When I finally found my Hear Factor cd, conveniently stashed under the couch by Mrs. kpdexter, I was excited to see so many titles I was unfamiliar with. The Traffic titles were a pleasant surprise to me, I guess I never considered them a hippie band, though “You Can All Join In” certainly has that feel, generally a feel-good kind of song.
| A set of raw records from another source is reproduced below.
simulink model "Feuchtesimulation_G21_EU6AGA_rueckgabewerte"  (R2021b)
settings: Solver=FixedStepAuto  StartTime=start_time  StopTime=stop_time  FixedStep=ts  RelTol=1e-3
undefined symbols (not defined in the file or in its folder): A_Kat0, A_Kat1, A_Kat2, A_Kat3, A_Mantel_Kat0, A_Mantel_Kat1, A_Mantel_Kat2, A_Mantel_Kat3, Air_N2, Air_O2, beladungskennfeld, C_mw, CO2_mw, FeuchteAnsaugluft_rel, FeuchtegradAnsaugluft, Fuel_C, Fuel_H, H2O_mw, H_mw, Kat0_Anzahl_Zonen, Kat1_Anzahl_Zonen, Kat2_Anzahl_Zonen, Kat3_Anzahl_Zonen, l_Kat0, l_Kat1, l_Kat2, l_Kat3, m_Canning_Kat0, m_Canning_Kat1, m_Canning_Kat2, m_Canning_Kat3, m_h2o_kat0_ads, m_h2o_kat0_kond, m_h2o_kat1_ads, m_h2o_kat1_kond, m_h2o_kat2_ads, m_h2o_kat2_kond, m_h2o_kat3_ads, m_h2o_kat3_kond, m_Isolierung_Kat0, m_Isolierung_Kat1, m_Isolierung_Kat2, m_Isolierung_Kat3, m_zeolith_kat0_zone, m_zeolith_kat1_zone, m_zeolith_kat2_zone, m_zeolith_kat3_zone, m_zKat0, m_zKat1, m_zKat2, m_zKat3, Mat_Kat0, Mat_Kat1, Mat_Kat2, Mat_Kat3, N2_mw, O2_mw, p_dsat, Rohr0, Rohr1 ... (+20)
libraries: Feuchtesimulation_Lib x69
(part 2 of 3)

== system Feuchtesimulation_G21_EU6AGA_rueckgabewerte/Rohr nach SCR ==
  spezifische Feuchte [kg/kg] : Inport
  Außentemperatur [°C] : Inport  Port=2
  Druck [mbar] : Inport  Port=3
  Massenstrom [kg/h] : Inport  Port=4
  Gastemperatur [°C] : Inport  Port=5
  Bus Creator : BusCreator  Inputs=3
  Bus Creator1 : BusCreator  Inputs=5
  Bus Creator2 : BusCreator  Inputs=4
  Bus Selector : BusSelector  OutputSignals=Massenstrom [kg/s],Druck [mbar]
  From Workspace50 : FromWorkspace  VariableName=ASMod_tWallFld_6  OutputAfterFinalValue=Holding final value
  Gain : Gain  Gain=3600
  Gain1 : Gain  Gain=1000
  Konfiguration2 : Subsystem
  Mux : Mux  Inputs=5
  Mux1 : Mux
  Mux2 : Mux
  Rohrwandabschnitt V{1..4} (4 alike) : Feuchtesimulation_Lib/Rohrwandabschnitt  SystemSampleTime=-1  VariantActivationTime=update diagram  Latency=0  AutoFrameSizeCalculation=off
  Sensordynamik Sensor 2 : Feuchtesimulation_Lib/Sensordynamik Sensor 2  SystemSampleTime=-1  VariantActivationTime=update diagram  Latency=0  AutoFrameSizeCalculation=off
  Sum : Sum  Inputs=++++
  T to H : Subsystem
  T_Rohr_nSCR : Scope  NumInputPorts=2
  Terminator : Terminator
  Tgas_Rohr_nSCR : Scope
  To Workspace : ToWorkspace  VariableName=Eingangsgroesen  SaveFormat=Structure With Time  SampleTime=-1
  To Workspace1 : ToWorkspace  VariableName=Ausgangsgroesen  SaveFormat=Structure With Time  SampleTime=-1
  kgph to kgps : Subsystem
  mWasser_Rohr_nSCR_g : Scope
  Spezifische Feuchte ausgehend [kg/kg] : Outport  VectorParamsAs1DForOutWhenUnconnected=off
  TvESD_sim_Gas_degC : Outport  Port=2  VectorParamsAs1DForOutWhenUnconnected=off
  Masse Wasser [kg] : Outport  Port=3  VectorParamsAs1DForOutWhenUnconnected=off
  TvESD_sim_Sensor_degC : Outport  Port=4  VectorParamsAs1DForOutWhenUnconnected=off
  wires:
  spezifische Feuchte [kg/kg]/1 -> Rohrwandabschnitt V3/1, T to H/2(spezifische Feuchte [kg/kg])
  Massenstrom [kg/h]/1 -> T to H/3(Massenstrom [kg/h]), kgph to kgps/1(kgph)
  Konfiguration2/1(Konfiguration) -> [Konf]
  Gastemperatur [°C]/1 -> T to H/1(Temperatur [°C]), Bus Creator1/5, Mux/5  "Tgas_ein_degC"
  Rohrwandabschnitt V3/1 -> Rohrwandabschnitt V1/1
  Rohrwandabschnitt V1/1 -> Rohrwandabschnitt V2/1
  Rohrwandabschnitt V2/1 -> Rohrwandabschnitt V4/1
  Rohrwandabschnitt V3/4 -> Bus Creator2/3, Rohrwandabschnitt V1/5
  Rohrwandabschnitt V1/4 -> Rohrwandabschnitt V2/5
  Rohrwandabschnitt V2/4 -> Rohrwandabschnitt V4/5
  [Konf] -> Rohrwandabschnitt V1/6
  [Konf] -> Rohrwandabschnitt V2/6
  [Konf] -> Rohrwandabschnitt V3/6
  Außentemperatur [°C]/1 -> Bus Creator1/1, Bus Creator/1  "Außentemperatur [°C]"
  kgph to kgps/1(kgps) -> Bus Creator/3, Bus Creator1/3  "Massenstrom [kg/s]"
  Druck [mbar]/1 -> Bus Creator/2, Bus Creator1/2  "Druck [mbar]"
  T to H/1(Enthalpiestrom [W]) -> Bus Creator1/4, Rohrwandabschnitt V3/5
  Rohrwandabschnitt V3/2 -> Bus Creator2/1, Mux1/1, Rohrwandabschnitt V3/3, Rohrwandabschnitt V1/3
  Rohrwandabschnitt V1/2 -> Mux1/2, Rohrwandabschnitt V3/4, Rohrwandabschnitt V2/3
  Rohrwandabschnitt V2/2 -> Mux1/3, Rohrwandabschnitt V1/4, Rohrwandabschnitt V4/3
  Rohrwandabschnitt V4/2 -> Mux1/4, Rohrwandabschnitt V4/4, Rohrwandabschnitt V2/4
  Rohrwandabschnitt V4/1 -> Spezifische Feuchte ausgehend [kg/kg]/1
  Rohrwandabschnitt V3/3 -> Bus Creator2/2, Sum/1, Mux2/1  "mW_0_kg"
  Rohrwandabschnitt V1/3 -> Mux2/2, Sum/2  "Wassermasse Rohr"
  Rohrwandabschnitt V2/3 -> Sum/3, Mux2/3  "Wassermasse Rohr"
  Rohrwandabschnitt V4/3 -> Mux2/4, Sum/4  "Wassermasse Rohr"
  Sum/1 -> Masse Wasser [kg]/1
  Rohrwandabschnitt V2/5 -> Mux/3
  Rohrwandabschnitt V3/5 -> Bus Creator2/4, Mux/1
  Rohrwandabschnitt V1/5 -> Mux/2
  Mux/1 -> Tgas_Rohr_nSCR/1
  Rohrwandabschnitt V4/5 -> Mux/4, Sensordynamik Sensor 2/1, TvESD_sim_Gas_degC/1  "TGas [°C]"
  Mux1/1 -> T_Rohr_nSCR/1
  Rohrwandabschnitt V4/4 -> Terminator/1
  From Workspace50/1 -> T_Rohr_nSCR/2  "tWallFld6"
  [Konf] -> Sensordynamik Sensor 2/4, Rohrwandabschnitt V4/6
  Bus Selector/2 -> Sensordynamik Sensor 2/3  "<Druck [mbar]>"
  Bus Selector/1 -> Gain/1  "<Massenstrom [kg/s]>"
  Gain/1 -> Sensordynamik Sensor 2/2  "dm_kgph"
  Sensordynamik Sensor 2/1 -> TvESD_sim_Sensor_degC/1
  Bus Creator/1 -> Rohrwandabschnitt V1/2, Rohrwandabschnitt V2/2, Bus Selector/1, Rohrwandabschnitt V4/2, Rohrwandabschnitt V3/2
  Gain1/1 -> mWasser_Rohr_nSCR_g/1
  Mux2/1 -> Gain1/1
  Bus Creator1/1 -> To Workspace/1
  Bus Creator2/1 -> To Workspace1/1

Now, “The Low Spark of High Heeled Boys” has always held a special place in my heart, and it excited me to see it here. I often reflect back on Halloween 1991, enjoyed at the Halloween Mecca, Ohio University, in Athens, Ohio. A carload of us drove the 3-hour trip from Dayton to Athens, armed only with 12-packs of Milwaukee’s Best Light, a few packs of smokes, some low-grade weed (of which I did not partake), and a bunch of shitty cassettes, a mixture of Canned Heat, early Ween, some weird Beach Boys stuff, a few Dead boots, and a Traffic mix tape. Now, the ride down was relatively uneventful, the driver was a bit paranoid because of all the contraband, and the fact that several of us were underage as well, so we played it cool, we sipped some beers and played some music, and talked about shit, school, and whatnot. We played some crappy Dead tape on the way there, and all lamented the fact that we were unable to score any psychedelics for the trip. I remember a rousing version of Franklin’s Tower>Help on the Way>Slipknot, but not much else, it was a pretty standard setlist, nothing too earth shattering.